Одноклассники ужасно дразнили меня. Им было чудно, что я говорю на другом языке, тем более по-немецки — в те времена, когда на все немецкое смотрели с подозрением, по крайней мере среди рабочего населения нашей части Стокгольма, Сёдера. Они меня звали «немчурой». Иногда мальчишками овладевало какое-то исступление, им приходила в голову мысль отлупить немчуру, и они гонялись за мной по школьному двору. Но я был шустрый и, как правило, удирал от них. Только один раз кто-то из взрослых вступился и прогнал моих мучителей.
Имя Николай для их слуха звучало некрасиво, его быстро превратили в Никодемуса, или попросту Никке. Когда-то давным-давно, в конце сороковых годов, в окне одного из стокгольмских домишек сидел мальчишка и всякий раз, когда я проходил мимо, кричал во всю мочь, так что его голос разносился на весь Осэберг: «Никодемус! Никодемус! Никодемус!» Он кричал это с тех пор, как я появился в Швеции. Я помню, как бормотал про себя: «Черт бы его побрал, хоть бы раз промолчал!»
Я страдал оттого, что в школе были настроены против меня, но прятал эти чувства внутри себя. Ребенком я был всегда замкнут, стеснялся рассказывать родителям, как обстоят дела. Особенно запомнился один случай, когда я побывал в потасовке и на лице у меня красовалась ссадина. Когда мать спросила меня, что же случилось, я выдумал историю, будто уронил книгу на пол в классе, а когда наклонился, чтобы поднять ее, то ударился лицом о крышку парты.
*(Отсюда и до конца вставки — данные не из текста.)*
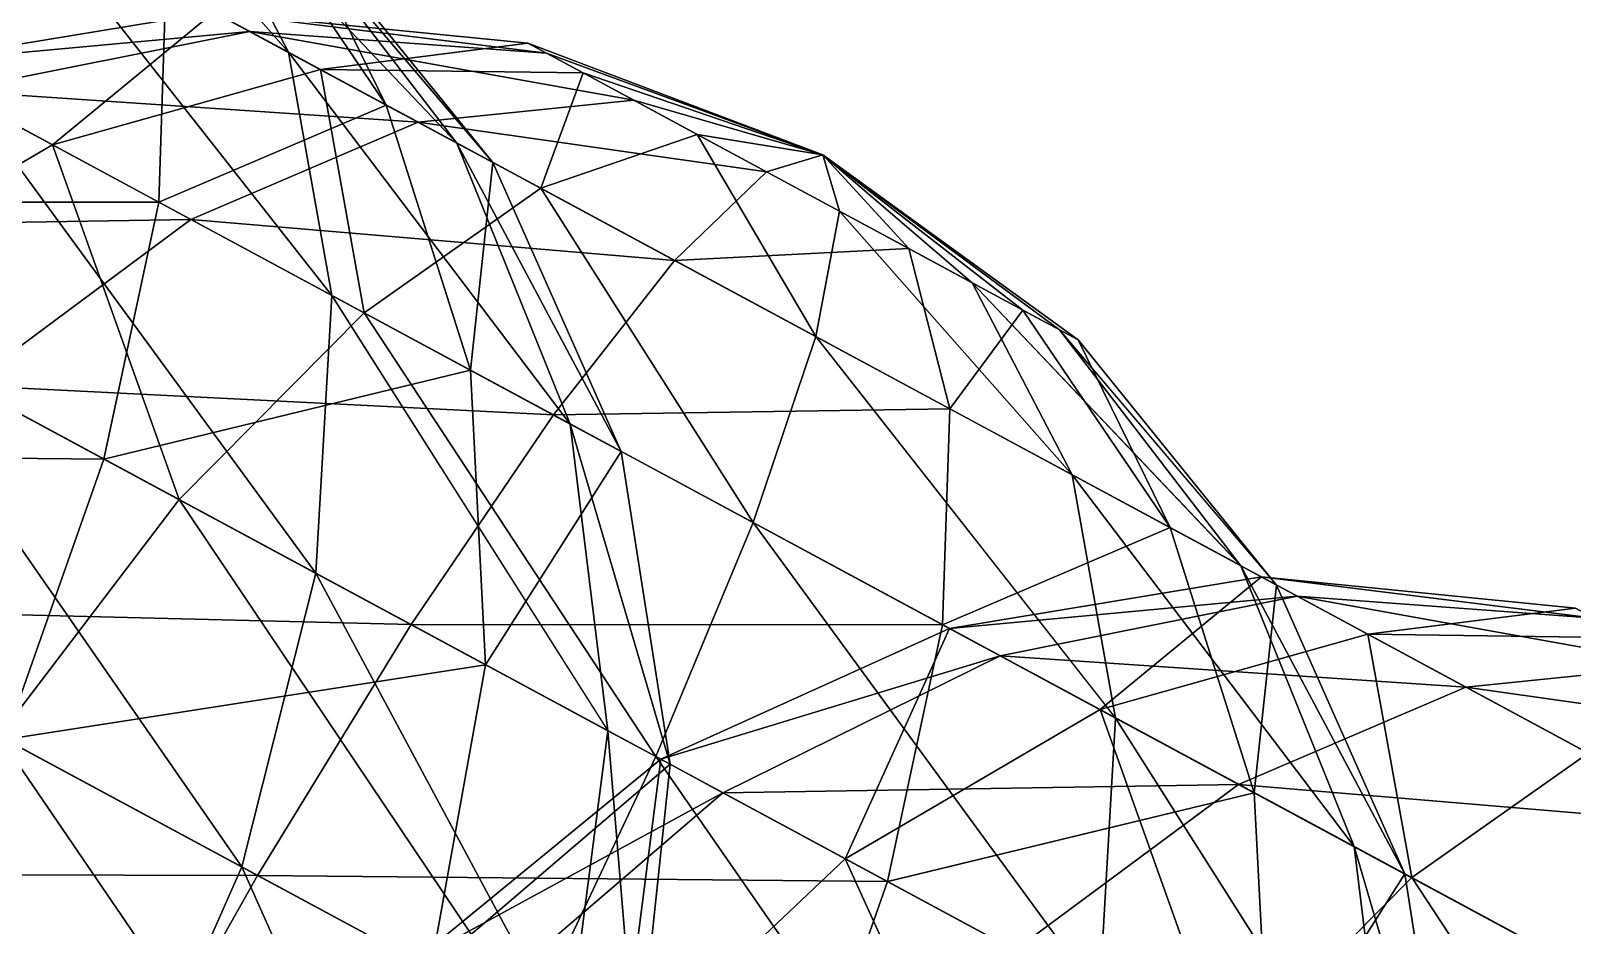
# Model space of a CAD drawing. Header units: metres. Extents: x -386 to 289, y -317 to 299.
# Drawn here: x -109.94 to -71.98, y -175.6 to -153.56 of the extents above; entities that cross this region are included whole.
import ezdxf

# ---------------------------------------------------------------- set-up
doc = ezdxf.new("R2010")
doc.units = ezdxf.units.M

msp = doc.modelspace()

# ---------------------------------------------------------------- linework, layer by layer
for points in [[(-116.681465, -147.0257, -532.54443), (-111.44854, -155.26653, -525.3821), (-109.90545, -150.68184, -531.5411), (-109.90535, -150.68173, -531.54095)], [(-109.3217, -147.59135, -538.7133), (-109.90545, -150.68184, -531.5411), (-103.59572, -154.08638, -534.5218), (-103.59562, -154.08627, -534.52167)], [(-109.3217, -147.59135, -538.7133), (-103.59572, -154.08638, -534.5218), (-106.05554, -149.35368, -540.2563), (-106.05544, -149.35358, -540.25616)], [(-106.05554, -149.35368, -540.2563), (-103.59572, -154.08638, -534.5218), (-99.44296, -156.32709, -540.68805), (-99.44286, -156.32698, -540.6879)], [(-106.05554, -149.35368, -540.2563), (-99.44296, -156.32709, -540.68805), (-103.905914, -150.51355, -543.4482), (-103.905815, -150.51344, -543.44806)], [(-104.80671, -150.02751, -551.14496), (-101.18316, -155.38812, -555.5571), (-106.60983, -152.46005, -560.2759), (-106.60973, -152.45995, -560.27576)], [(-103.448814, -150.7602, -547.4337), (-101.18316, -155.38812, -555.5571), (-104.80671, -150.02751, -551.14496), (-104.80661, -150.0274, -551.14484)], [(-109.90545, -150.68184, -531.5411), (-111.44854, -155.26653, -525.3821), (-102.52523, -160.08128, -529.59753), (-102.52513, -160.08118, -529.5974)], [(-109.90545, -150.68184, -531.5411), (-102.52523, -160.08128, -529.59753), (-103.59572, -154.08638, -534.5218), (-103.59562, -154.08627, -534.52167)], [(-103.905914, -150.51355, -543.4482), (-99.44296, -156.32709, -540.68805), (-98.5599, -156.80356, -548.3875), (-98.5598, -156.80345, -548.3874)], [(-103.905914, -150.51355, -543.4482), (-98.5599, -156.80356, -548.3875), (-103.448814, -150.7602, -547.4337), (-103.448715, -150.76009, -547.4336)], [(-103.448814, -150.7602, -547.4337), (-98.5599, -156.80356, -548.3875), (-101.18316, -155.38812, -555.5571), (-101.18306, -155.38802, -555.557)], [(-106.60983, -152.46005, -560.2759), (-106.787834, -157.7813, -566.0192), (-116.37057, -152.61073, -567.43823), (-116.37047, -152.61063, -567.4381)], [(-101.18316, -155.38812, -555.5571), (-106.787834, -157.7813, -566.0192), (-106.60983, -152.46005, -560.2759), (-106.60973, -152.45995, -560.27576)], [(-106.787834, -157.7813, -566.0192), (-119.87405, -157.7803, -572.1642), (-116.37057, -152.61073, -567.43823), (-116.37047, -152.61063, -567.4381)], [(-104.547874, -153.57263, -720.41486), (-113.11513, -154.36728, -711.89636), (-105.43093, -153.09616, -712.7154), (-105.43083, -153.09605, -712.7153)], [(-105.43093, -153.09616, -712.7154), (-113.11513, -154.36728, -711.89636), (-109.40528, -156.369, -701.75696), (-109.40518, -156.3689, -701.75684)], [(-105.43093, -153.09616, -712.7154), (-109.40528, -156.369, -701.75696), (-102.80768, -154.5116, -705.5458), (-102.80758, -154.51149, -705.54565)], [(-97.23862, -154.11105, -717.6547), (-104.547874, -153.57263, -720.41486), (-105.43093, -153.09616, -712.7154), (-105.43083, -153.09605, -712.7153)], [(-97.23862, -154.11105, -717.6547), (-105.43093, -153.09616, -712.7154), (-97.69572, -153.86441, -713.6692), (-97.69562, -153.8643, -713.66907)], [(-97.69572, -153.86441, -713.6692), (-105.43093, -153.09616, -712.7154), (-102.80768, -154.5116, -705.5458), (-102.80758, -154.51149, -705.54565)], [(-104.547874, -153.57263, -720.41486), (-111.8663, -155.0411, -722.78503), (-113.11513, -154.36728, -711.89636), (-113.11503, -154.36717, -711.89624)], [(-100.39512, -155.81334, -726.5811), (-111.8663, -155.0411, -722.78503), (-104.547874, -153.57263, -720.41486), (-104.547775, -153.57253, -720.41473)], [(-95.08899, -155.27092, -720.8466), (-100.39512, -155.81334, -726.5811), (-104.547874, -153.57263, -720.41486), (-104.547775, -153.57253, -720.41473)], [(-95.08899, -155.27092, -720.8466), (-104.547874, -153.57263, -720.41486), (-97.23862, -154.11105, -717.6547), (-97.23852, -154.11095, -717.6546)], [(-103.59572, -154.08638, -534.5218), (-102.52523, -160.08128, -529.59753), (-96.65234, -163.25012, -538.3179), (-96.652245, -163.25002, -538.31775)], [(-103.59572, -154.08638, -534.5218), (-96.65234, -163.25012, -538.3179), (-99.44296, -156.32709, -540.68805), (-99.44286, -156.32698, -540.6879)], [(-97.69572, -153.86441, -713.6692), (-102.80768, -154.5116, -705.5458), (-96.33782, -154.59709, -709.9579), (-96.33772, -154.59698, -709.95776)], [(-90.43662, -156.61966, -714.69275), (-97.23862, -154.11105, -717.6547), (-97.69572, -153.86441, -713.6692), (-97.69562, -153.8643, -713.66907)], [(-90.43662, -156.61966, -714.69275), (-97.69572, -153.86441, -713.6692), (-96.33782, -154.59709, -709.9579), (-96.33772, -154.59698, -709.95776)], [(-113.11513, -154.36728, -711.89636), (-115.68103, -160.04274, -698.8497), (-109.40528, -156.369, -701.75696), (-109.40518, -156.3689, -701.75684)], [(-90.43662, -156.61966, -714.69275), (-95.08899, -155.27092, -720.8466), (-97.23862, -154.11105, -717.6547), (-97.23852, -154.11095, -717.6546)], [(-102.80768, -154.5116, -705.5458), (-109.40528, -156.369, -701.75696), (-101.73081, -160.50993, -695.0837), (-101.73071, -160.50983, -695.08356)], [(-102.80768, -154.5116, -705.5458), (-101.73081, -160.50993, -695.0837), (-97.381004, -157.43967, -700.827), (-97.380905, -157.43956, -700.8269)], [(-96.33782, -154.59709, -709.9579), (-102.80768, -154.5116, -705.5458), (-97.381004, -157.43967, -700.827), (-97.380905, -157.43956, -700.8269)], [(-96.33782, -154.59709, -709.9579), (-97.381004, -157.43967, -700.827), (-93.52876, -156.11278, -707.5153), (-93.52866, -156.11267, -707.5152)], [(-90.43662, -156.61966, -714.69275), (-96.33782, -154.59709, -709.9579), (-93.52876, -156.11278, -707.5153), (-93.52866, -156.11267, -707.5152)], [(-105.993416, -158.20996, -731.5054), (-118.695145, -158.41641, -724.60376), (-111.8663, -155.0411, -722.78503), (-111.8662, -155.041, -722.7849)], [(-100.39512, -155.81334, -726.5811), (-105.993416, -158.20996, -731.5054), (-111.8663, -155.0411, -722.78503), (-111.8662, -155.041, -722.7849)], [(-111.44854, -155.26653, -525.3821), (-113.84582, -161.03296, -520.6561), (-102.91704, -166.92981, -525.819), (-102.91694, -166.9297, -525.81885)], [(-111.44854, -155.26653, -525.3821), (-102.91704, -166.92981, -525.819), (-102.52523, -160.08128, -529.59753), (-102.52513, -160.08118, -529.5974)], [(-101.18316, -155.38812, -555.5571), (-99.11336, -161.92223, -559.34595), (-106.787834, -157.7813, -566.0192), (-106.787735, -157.78119, -566.0191)], [(-98.5599, -156.80356, -548.3875), (-99.11336, -161.92223, -559.34595), (-101.18316, -155.38812, -555.5571), (-101.18306, -155.38802, -555.557)], [(-91.82283, -157.03325, -722.3896), (-100.39512, -155.81334, -726.5811), (-95.08899, -155.27092, -720.8466), (-95.08889, -155.27081, -720.8465)], [(-90.43662, -156.61966, -714.69275), (-91.82283, -157.03325, -722.3896), (-95.08899, -155.27092, -720.8466), (-95.08889, -155.27081, -720.8465)], [(-95.08899, -155.27092, -720.8466), (-95.08899, -155.27092, -720.8466), (-91.82283, -157.03325, -722.3896), (-91.82273, -157.03314, -722.38947)], [(-94.08539, -159.21788, -729.5618), (-105.993416, -158.20996, -731.5054), (-100.39512, -155.81334, -726.5811), (-100.39502, -155.81323, -726.581)], [(-91.82283, -157.03325, -722.3896), (-94.08539, -159.21788, -729.5618), (-100.39512, -155.81334, -726.5811), (-100.39502, -155.81323, -726.581)], [(-100.39512, -155.81334, -726.5811), (-100.39512, -155.81334, -726.5811), (-94.08539, -159.21788, -729.5618), (-94.08529, -159.21777, -729.5617)], [(-109.40528, -156.369, -701.75696), (-115.68103, -160.04274, -698.8497), (-106.28176, -165.11432, -690.67664), (-106.28166, -165.11421, -690.6765)], [(-109.40528, -156.369, -701.75696), (-106.28176, -165.11432, -690.67664), (-101.73081, -160.50993, -695.0837), (-101.73071, -160.50983, -695.08356)], [(-99.44296, -156.32709, -540.68805), (-96.65234, -163.25012, -538.3179), (-95.40352, -163.92395, -549.20654), (-95.40342, -163.92384, -549.2064)], [(-99.44296, -156.32709, -540.68805), (-95.40352, -163.92395, -549.20654), (-98.5599, -156.80356, -548.3875), (-98.5598, -156.80345, -548.3874)], [(-93.52876, -156.11278, -707.5153), (-97.381004, -157.43967, -700.827), (-90.60499, -161.09581, -699.82367), (-90.60489, -161.0957, -699.82355)], [(-93.52876, -156.11278, -707.5153), (-90.60499, -161.09581, -699.82367), (-90.02124, -158.00533, -706.9959), (-90.02114, -158.00522, -706.9958)], [(-90.43662, -156.61966, -714.69275), (-93.52876, -156.11278, -707.5153), (-90.02124, -158.00533, -706.9959), (-90.02114, -158.00522, -706.9958)], [(-90.43662, -156.61966, -714.69275), (-88.31531, -158.9258, -721.8702), (-91.82283, -157.03325, -722.3896), (-91.82273, -157.03314, -722.38947)], [(-90.43662, -156.61966, -714.69275), (-90.02124, -158.00533, -706.9959), (-86.75508, -159.76765, -708.5389), (-86.75498, -159.76755, -708.53876)], [(-90.43662, -156.61966, -714.69275), (-86.75508, -159.76765, -708.5389), (-84.60545, -160.92752, -711.7308), (-84.605354, -160.92741, -711.73065)], [(-90.43662, -156.61966, -714.69275), (-84.60545, -160.92752, -711.7308), (-84.14835, -161.17416, -715.7163), (-84.148254, -161.17406, -715.7162)], [(-90.43662, -156.61966, -714.69275), (-84.14835, -161.17416, -715.7163), (-85.50625, -160.44148, -719.42755), (-85.50615, -160.44138, -719.4274)], [(-90.43662, -156.61966, -714.69275), (-85.50625, -160.44148, -719.42755), (-88.31531, -158.9258, -721.8702), (-88.31521, -158.92569, -721.87006)], [(-98.5599, -156.80356, -548.3875), (-95.40352, -163.92395, -549.20654), (-99.11336, -161.92223, -559.34595), (-99.11326, -161.92212, -559.3458)], [(-88.31531, -158.9258, -721.8702), (-94.08539, -159.21788, -729.5618), (-91.82283, -157.03325, -722.3896), (-91.82273, -157.03314, -722.38947)], [(-97.381004, -157.43967, -700.827), (-101.73081, -160.50993, -695.0837), (-92.14808, -165.6805, -693.6647), (-92.14798, -165.68039, -693.66455)], [(-97.381004, -157.43967, -700.827), (-92.14808, -165.6805, -693.6647), (-90.60499, -161.09581, -699.82367), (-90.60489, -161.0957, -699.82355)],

За моей ложью стоял страх — страх, что дома меня тоже отлупят. Необходимость превращать неприятную правду в вынужденную ложь наложила отпечаток на все мое детство, и этот отпечаток чувствуется и поныне. Если я вдруг получал в школе плохие отметки, я живо исправлял минус на плюс. Однажды я из «С» сделал «а», учитель заметил подделку и наказал меня. Но зато я был спасен от необходимости идти с плохой отметкой домой, к родителям.
В детстве я чувствовал себя совершенно одиноким. Я страдал от чего-то, что никогда не умел точно определить. Может быть, это была чрезмерная опека моих родителей. В самый разгар игры могла внезапно появиться мать и забрать меня домой: «Хорошенького понемножку! Тебе пора есть!» Я готов был ее растерзать.
Я всегда был одет не так, как другие мальчики, а это доставляет ребенку массу неприятностей. Одевали меня очень красиво: наверное, большую часть моих нарядов мать шила сама. Помню, я ужасно страдал от зимней шапки, которая досталась от матери,— мне казалось, что я выгляжу в ней по-девчачьи, поэтому, выходя из-под контроля матери, я тотчас же срывал шапку с головы. Больше всего на свете мне хотелось выглядеть как другие, но родители об этом даже не задумывались.
В результате я выглядел довольно несчастным ребенком — об этом рассказала мне моя учительница, когда мы встретились много позже. Но вообще-то я не был таким уж несчастным — вероятно, это славянский темперамент бросал на мое лицо какие-то сумрачные отсветы.
Я помню, что на Грувгатан у нас были очень милые соседи. Мы, дети, жившие вокруг Осэберга, держались компаниями. Была так называемая Грувбакенская команда, к которой принадлежал и я. Осэбергская команда состояла из детей рабочих, и отношения между командами были довольно натянутые, но дрались мы не так уж часто, причем дело кончалось в основном мелкими потасовками или войной в снежки. Но, помню, между нами были отчетливо заметны классовые различия.
В тех местах население было смешанное. В большом угловом доме ближе к Осегатан жили рабочие. Такие же дома стояли на холме вдоль Данвиксгатан, кажется, жители их по большей части работали на стеариновой фабрике в Лильехольме, поблизости. Там, где была конечная остановка трамвайной линии номер девять, стояли яркие, но невероятно облезлые красные домишки.
На Грувгатан, 4, находился дом желтого цвета. На самом верху, в пятикомнатной квартире, жил художник Ханс Юхансон Нурсбу из Фалуна. Мы с отцом часто навещали Нурсбу в его квартире-мастерской. Как-то летом он пригласил всю нашу семью к себе в Даларна. В нашем доме жили и другие люди искусства. Карин Свенсон — очаровательная малышка, которая играла чуть ли не во всех шведских кинокомедиях. Я любил открывать ей дверь, она непременно давала мне монетку, а я этим ужасно гордился. Жил там и капельмейстер Эйнар Грот, он был замечательный скрипач. А над нами снимал квартиру журналист Карро Бергквист.